Data excerpts
##############################
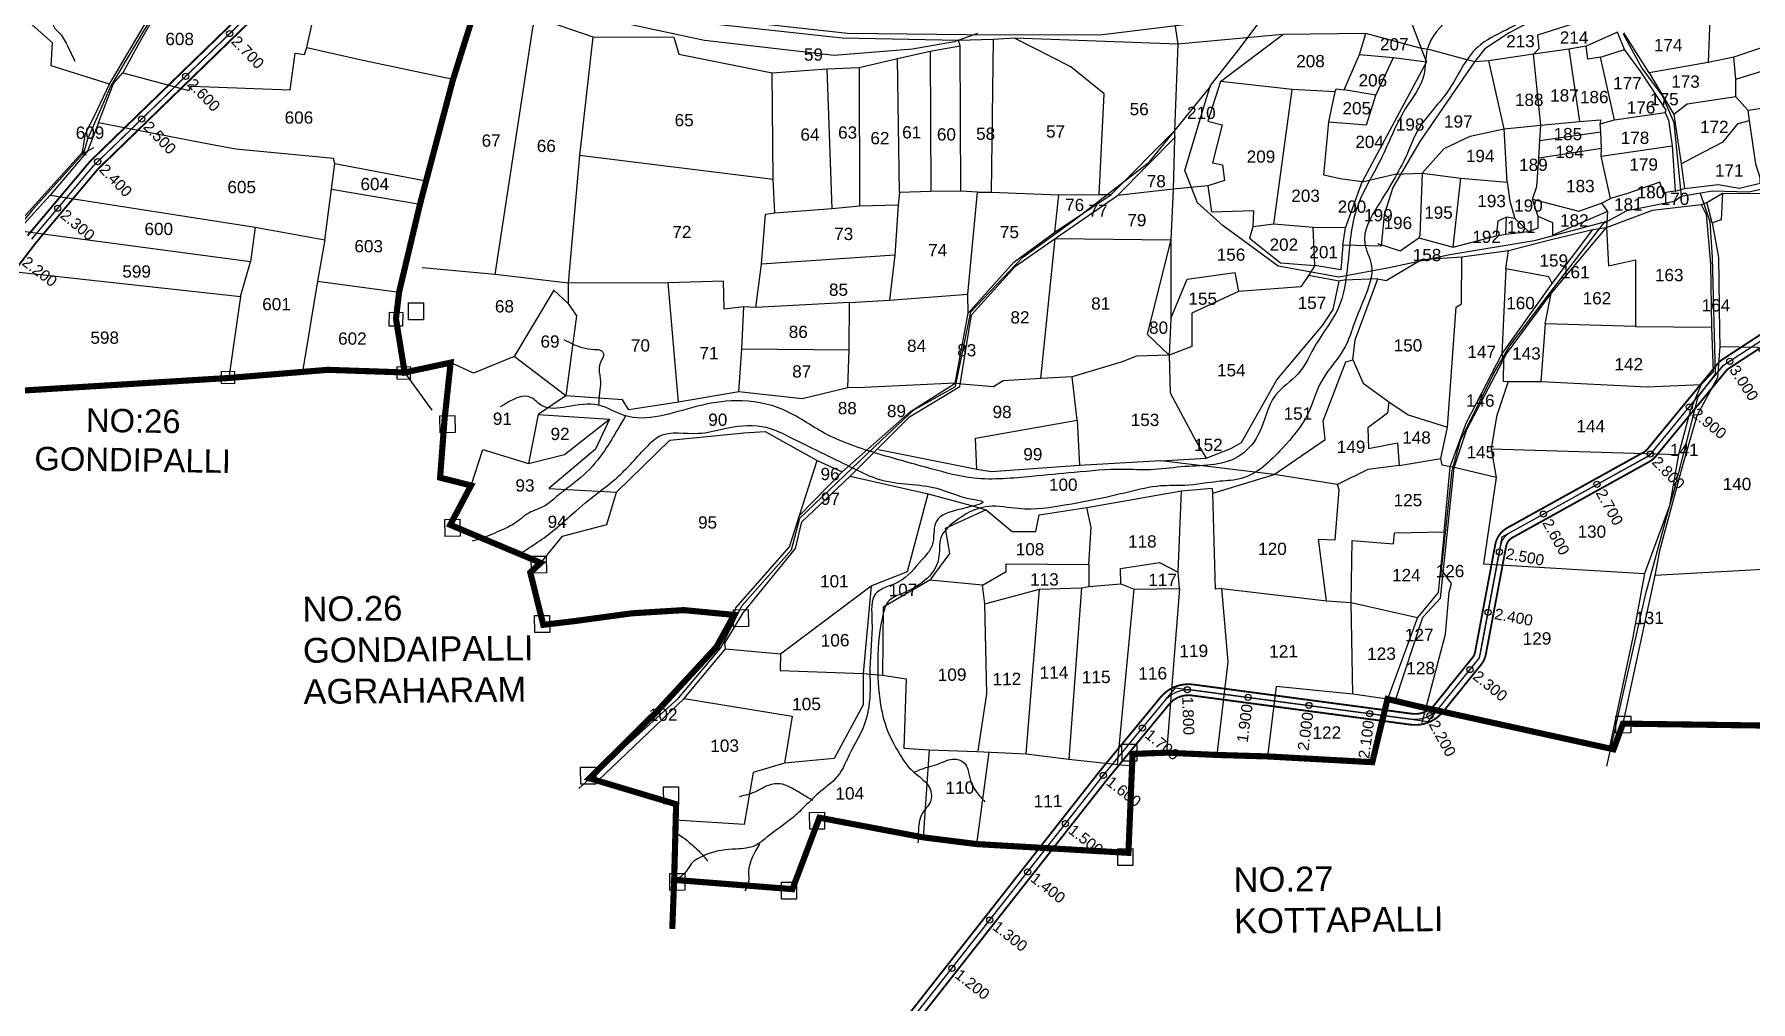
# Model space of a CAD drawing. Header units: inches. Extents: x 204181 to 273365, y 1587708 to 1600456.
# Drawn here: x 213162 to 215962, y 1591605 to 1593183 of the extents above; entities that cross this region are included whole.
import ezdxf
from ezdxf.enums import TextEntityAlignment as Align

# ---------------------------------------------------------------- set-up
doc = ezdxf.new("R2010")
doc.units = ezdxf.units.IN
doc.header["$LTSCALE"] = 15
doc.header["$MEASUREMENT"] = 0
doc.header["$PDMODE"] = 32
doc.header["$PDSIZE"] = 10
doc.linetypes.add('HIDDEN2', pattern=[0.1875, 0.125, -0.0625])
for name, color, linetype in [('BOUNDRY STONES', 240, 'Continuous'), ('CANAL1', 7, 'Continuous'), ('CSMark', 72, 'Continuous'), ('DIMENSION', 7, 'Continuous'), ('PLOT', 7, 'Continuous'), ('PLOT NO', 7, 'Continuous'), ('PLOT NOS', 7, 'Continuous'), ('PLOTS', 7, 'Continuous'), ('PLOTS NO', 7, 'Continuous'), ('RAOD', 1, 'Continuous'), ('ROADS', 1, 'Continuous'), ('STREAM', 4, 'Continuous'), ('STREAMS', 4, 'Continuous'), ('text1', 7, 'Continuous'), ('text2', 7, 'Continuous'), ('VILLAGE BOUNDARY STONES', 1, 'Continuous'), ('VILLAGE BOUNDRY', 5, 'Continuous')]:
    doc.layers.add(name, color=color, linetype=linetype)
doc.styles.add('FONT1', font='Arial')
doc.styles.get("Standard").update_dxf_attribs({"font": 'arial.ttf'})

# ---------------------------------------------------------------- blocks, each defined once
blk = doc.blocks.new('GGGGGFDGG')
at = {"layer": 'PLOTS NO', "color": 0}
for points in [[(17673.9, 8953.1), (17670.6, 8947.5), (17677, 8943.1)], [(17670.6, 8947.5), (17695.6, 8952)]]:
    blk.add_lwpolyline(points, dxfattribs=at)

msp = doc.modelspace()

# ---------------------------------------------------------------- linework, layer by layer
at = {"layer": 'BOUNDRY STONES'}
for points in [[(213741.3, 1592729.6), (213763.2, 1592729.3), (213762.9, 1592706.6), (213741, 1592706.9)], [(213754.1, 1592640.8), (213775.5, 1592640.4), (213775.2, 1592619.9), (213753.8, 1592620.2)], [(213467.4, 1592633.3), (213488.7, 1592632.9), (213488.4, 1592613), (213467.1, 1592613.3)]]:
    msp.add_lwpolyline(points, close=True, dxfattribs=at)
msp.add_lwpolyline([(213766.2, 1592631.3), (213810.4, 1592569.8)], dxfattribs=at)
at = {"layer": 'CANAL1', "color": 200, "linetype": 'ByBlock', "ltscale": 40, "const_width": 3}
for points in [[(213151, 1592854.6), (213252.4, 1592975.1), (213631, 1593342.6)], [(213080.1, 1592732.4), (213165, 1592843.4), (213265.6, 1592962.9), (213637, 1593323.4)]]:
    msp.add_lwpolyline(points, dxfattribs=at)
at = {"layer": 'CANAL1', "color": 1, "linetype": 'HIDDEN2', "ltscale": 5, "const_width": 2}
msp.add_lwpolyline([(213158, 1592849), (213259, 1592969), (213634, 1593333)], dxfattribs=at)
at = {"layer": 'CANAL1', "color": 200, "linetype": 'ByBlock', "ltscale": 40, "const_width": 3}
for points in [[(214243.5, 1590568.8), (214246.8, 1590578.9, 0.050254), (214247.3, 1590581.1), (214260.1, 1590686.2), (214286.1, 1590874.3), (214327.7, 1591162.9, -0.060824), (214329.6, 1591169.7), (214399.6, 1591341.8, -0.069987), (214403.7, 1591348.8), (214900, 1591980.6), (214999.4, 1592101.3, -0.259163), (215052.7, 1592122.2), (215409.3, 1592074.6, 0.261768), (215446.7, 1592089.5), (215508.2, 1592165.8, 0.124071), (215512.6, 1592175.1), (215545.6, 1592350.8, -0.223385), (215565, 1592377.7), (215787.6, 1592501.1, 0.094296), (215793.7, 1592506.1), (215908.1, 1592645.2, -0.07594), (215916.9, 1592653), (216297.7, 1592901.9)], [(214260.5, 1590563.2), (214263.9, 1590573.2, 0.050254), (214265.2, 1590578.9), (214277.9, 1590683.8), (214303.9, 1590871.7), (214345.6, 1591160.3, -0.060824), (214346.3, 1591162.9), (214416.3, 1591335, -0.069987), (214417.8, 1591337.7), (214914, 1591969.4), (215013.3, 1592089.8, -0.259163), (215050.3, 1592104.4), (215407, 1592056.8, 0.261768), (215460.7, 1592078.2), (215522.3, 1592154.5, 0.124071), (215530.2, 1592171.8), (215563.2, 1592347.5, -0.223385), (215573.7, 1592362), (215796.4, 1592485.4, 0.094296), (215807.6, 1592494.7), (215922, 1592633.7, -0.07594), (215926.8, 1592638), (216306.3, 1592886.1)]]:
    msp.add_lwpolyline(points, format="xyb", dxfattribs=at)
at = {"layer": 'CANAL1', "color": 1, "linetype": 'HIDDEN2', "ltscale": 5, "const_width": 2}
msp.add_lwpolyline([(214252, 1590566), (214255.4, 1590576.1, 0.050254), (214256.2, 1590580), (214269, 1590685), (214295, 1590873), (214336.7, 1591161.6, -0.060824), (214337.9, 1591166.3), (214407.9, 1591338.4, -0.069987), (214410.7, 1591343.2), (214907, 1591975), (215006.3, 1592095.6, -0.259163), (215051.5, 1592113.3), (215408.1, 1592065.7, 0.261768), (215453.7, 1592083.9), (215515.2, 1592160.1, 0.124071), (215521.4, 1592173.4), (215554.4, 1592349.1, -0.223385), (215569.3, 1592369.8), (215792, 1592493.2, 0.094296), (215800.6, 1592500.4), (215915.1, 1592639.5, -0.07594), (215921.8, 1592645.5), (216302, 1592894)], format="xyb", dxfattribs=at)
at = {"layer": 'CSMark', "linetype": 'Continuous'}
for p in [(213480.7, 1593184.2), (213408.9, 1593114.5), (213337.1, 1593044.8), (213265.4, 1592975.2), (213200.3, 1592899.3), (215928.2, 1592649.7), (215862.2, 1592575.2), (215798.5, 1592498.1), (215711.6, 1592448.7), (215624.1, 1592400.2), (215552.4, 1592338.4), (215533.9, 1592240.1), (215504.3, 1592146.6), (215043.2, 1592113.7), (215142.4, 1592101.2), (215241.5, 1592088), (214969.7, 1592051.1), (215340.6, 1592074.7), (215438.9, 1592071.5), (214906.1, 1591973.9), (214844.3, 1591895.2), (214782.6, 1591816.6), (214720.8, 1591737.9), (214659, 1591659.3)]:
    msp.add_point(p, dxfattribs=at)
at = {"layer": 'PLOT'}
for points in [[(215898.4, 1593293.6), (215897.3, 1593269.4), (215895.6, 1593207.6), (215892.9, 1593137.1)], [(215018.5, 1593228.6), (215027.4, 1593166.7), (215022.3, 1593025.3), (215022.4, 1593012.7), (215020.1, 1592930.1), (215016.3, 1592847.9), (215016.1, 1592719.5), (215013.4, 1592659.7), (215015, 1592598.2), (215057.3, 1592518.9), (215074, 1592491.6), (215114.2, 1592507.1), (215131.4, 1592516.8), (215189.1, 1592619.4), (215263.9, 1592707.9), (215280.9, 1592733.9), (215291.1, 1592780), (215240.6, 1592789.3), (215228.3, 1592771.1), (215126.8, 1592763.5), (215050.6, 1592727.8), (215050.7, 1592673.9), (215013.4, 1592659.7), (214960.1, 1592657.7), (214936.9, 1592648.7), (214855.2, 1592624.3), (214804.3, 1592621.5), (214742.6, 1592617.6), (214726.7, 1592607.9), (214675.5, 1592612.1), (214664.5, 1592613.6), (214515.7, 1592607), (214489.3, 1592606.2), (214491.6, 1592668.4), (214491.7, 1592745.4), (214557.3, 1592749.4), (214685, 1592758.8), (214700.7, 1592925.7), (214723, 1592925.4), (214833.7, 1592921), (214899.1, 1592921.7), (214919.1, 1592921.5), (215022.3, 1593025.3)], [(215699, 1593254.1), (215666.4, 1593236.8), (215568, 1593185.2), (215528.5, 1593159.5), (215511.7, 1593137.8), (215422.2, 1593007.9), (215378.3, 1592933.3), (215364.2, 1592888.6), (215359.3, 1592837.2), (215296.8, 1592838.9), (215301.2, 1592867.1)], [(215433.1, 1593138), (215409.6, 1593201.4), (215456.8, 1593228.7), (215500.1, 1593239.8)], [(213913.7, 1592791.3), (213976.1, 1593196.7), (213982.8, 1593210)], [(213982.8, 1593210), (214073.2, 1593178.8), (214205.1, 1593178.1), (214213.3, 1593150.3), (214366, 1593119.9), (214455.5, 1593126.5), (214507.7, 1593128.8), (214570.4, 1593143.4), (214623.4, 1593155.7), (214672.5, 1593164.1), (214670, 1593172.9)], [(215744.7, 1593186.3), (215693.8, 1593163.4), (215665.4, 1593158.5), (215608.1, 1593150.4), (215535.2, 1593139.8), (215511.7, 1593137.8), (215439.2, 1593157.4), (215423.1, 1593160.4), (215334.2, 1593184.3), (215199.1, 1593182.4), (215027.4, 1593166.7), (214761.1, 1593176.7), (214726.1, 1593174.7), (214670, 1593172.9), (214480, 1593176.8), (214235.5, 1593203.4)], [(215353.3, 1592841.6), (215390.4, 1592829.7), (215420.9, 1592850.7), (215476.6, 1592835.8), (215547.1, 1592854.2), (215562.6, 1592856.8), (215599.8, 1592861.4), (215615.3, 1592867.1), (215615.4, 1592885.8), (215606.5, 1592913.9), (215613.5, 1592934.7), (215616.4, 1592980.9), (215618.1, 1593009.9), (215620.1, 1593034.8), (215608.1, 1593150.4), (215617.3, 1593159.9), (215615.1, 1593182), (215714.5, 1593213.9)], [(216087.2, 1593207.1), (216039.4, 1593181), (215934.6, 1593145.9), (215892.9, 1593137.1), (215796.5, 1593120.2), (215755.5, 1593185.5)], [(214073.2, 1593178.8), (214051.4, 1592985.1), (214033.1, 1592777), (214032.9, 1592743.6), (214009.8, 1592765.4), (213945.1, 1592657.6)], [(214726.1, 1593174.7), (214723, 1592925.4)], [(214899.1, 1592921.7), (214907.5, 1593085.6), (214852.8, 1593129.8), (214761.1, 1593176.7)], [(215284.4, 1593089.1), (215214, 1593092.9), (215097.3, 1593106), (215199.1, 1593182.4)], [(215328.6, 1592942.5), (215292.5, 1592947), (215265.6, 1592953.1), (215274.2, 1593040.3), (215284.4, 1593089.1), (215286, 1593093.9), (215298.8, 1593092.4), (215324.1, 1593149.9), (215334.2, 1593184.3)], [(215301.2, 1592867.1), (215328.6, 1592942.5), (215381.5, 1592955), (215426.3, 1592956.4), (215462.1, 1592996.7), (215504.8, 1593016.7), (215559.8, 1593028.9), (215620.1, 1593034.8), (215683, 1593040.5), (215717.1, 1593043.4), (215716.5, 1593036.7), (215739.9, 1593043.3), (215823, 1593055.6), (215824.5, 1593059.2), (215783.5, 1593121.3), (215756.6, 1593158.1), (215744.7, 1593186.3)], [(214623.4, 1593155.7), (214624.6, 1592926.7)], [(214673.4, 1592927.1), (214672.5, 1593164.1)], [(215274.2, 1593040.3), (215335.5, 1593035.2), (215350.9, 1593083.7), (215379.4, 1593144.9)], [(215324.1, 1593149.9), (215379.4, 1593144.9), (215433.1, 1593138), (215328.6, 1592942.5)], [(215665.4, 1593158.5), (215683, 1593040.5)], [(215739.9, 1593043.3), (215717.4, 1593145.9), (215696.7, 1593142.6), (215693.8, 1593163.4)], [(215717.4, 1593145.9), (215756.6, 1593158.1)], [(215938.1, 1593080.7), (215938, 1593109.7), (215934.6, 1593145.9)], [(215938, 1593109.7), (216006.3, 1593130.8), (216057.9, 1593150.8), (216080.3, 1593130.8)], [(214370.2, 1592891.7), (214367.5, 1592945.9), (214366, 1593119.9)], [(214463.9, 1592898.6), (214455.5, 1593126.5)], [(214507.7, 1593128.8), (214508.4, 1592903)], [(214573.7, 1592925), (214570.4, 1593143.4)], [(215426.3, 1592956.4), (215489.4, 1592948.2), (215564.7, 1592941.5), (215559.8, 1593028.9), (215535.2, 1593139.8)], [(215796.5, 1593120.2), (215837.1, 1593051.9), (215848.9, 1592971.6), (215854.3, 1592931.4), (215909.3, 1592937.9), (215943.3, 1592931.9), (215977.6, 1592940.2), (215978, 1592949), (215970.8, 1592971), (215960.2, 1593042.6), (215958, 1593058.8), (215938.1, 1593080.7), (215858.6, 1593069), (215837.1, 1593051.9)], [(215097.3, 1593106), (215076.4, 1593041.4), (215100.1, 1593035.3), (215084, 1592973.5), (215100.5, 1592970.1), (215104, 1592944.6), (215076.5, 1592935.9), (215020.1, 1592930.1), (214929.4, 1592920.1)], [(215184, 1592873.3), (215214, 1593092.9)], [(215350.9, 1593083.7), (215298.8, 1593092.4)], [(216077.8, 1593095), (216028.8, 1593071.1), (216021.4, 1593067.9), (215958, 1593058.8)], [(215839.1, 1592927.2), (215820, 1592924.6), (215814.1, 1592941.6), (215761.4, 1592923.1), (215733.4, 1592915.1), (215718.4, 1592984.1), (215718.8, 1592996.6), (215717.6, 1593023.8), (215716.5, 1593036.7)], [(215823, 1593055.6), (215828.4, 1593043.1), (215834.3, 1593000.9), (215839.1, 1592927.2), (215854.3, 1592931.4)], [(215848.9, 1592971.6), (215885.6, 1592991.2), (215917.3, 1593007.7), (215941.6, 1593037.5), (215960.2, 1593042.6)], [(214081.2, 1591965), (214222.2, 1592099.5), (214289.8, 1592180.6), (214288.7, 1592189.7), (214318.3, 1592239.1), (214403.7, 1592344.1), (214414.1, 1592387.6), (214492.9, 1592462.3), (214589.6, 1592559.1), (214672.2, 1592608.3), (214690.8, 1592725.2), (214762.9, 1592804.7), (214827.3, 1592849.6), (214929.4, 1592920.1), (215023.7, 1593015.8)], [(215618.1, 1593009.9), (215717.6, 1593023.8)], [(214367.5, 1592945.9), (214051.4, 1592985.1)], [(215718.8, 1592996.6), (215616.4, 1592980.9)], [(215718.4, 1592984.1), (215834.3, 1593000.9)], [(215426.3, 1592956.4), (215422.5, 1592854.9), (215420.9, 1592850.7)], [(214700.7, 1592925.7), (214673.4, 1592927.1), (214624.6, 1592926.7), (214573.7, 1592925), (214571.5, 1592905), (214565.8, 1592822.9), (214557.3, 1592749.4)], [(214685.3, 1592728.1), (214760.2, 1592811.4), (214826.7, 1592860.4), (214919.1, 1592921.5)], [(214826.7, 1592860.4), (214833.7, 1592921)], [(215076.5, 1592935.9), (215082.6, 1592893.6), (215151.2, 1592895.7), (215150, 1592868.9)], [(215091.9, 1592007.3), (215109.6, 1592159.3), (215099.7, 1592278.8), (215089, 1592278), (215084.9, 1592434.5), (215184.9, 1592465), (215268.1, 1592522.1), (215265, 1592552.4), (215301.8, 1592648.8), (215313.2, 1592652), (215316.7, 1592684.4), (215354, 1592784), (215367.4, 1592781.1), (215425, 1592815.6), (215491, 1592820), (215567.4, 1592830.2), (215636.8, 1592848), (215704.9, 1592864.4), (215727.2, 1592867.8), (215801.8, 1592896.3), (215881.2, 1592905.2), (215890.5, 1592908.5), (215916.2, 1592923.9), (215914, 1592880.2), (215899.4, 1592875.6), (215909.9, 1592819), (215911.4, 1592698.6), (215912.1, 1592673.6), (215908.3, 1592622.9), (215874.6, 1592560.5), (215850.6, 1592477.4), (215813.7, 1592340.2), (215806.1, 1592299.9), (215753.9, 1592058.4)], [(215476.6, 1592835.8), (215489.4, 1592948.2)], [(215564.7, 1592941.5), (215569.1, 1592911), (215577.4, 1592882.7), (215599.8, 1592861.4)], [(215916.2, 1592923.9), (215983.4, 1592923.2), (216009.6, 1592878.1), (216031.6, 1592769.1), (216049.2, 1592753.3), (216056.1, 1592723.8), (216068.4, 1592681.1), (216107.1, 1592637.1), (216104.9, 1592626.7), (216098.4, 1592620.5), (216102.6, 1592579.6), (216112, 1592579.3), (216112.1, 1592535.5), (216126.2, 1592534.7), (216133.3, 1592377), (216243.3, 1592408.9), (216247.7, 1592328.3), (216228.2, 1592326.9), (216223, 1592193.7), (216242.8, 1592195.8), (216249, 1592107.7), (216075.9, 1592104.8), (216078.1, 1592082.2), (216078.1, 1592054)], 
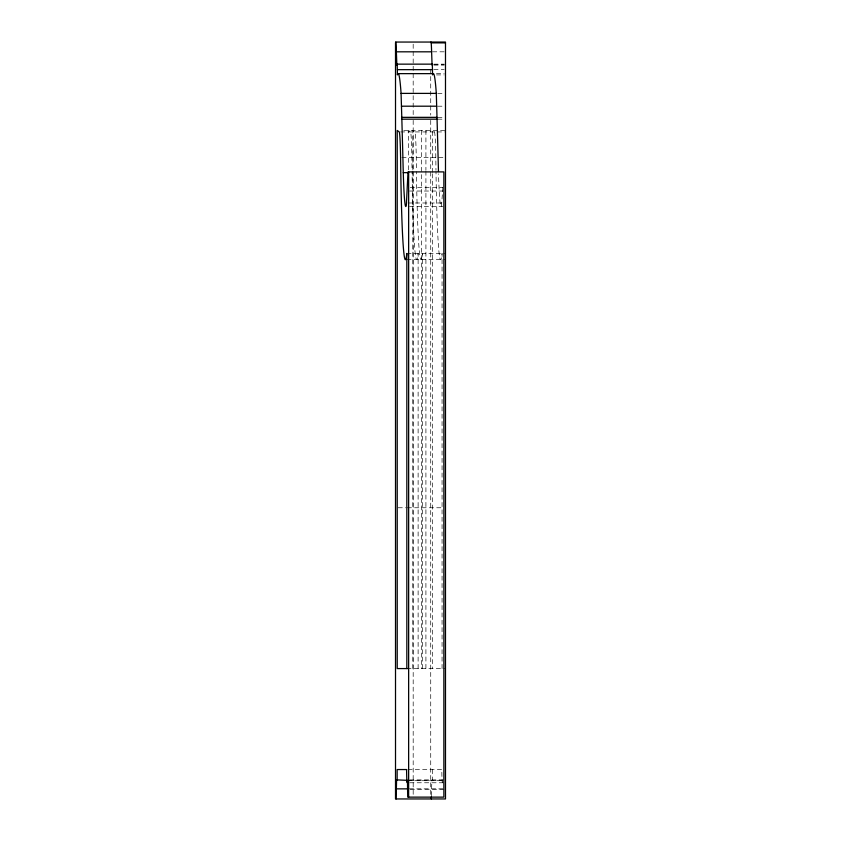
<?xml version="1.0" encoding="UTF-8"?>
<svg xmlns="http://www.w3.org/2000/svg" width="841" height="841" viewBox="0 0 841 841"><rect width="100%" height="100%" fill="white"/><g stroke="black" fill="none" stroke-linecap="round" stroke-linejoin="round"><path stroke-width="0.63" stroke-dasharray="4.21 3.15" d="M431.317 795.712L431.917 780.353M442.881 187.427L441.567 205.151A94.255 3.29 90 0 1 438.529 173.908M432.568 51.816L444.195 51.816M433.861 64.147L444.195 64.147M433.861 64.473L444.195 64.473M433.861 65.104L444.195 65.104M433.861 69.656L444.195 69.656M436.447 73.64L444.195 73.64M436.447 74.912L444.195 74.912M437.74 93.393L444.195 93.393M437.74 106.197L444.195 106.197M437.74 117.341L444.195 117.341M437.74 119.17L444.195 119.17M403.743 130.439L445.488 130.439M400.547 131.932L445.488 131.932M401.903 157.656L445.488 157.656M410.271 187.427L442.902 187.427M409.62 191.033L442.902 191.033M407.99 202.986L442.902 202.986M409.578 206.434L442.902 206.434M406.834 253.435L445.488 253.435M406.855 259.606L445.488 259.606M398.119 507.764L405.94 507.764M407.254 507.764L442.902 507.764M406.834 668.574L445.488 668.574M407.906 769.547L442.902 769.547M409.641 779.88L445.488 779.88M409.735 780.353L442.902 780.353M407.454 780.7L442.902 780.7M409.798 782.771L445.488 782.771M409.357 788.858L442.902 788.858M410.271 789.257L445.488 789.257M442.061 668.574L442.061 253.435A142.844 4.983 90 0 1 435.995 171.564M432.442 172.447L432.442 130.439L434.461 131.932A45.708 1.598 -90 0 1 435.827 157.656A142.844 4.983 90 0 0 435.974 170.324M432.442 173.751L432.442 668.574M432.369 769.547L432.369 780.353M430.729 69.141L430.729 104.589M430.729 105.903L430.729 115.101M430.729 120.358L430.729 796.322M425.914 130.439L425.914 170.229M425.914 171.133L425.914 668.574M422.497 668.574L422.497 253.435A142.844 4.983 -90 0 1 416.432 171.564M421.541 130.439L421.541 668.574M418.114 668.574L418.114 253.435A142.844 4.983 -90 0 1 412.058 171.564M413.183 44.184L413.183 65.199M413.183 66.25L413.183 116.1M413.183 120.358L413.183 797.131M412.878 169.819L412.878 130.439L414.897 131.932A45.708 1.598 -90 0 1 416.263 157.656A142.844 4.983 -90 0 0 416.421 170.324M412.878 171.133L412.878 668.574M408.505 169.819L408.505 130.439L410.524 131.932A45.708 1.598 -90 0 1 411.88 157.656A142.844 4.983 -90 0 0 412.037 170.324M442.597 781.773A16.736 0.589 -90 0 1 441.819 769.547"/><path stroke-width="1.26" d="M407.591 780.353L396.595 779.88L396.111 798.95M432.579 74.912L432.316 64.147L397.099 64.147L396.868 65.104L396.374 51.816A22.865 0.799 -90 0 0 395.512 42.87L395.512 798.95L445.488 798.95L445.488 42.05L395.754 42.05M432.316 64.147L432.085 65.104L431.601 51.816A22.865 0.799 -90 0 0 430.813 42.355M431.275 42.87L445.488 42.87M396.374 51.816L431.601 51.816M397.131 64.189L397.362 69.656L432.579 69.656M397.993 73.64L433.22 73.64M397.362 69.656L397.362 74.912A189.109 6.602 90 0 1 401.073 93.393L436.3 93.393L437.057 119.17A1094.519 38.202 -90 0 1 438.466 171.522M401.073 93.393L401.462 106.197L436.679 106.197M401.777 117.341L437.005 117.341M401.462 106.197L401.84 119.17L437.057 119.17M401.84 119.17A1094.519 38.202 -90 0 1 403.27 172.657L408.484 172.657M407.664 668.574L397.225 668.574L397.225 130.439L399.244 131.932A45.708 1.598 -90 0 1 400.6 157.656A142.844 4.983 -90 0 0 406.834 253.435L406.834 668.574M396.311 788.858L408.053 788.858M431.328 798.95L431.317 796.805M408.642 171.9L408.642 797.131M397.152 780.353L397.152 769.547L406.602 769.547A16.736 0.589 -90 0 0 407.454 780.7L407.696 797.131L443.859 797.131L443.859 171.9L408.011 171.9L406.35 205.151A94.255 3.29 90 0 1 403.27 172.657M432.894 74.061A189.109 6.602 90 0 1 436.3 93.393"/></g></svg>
##############################
* **Your assignment**
What lines in the data include the string "font"? Copy each one.

* **Written solution**
doc.styles.add('FONT1', font='Arial')
doc.styles.get("Standard").update_dxf_attribs({"font": 'arial.ttf'})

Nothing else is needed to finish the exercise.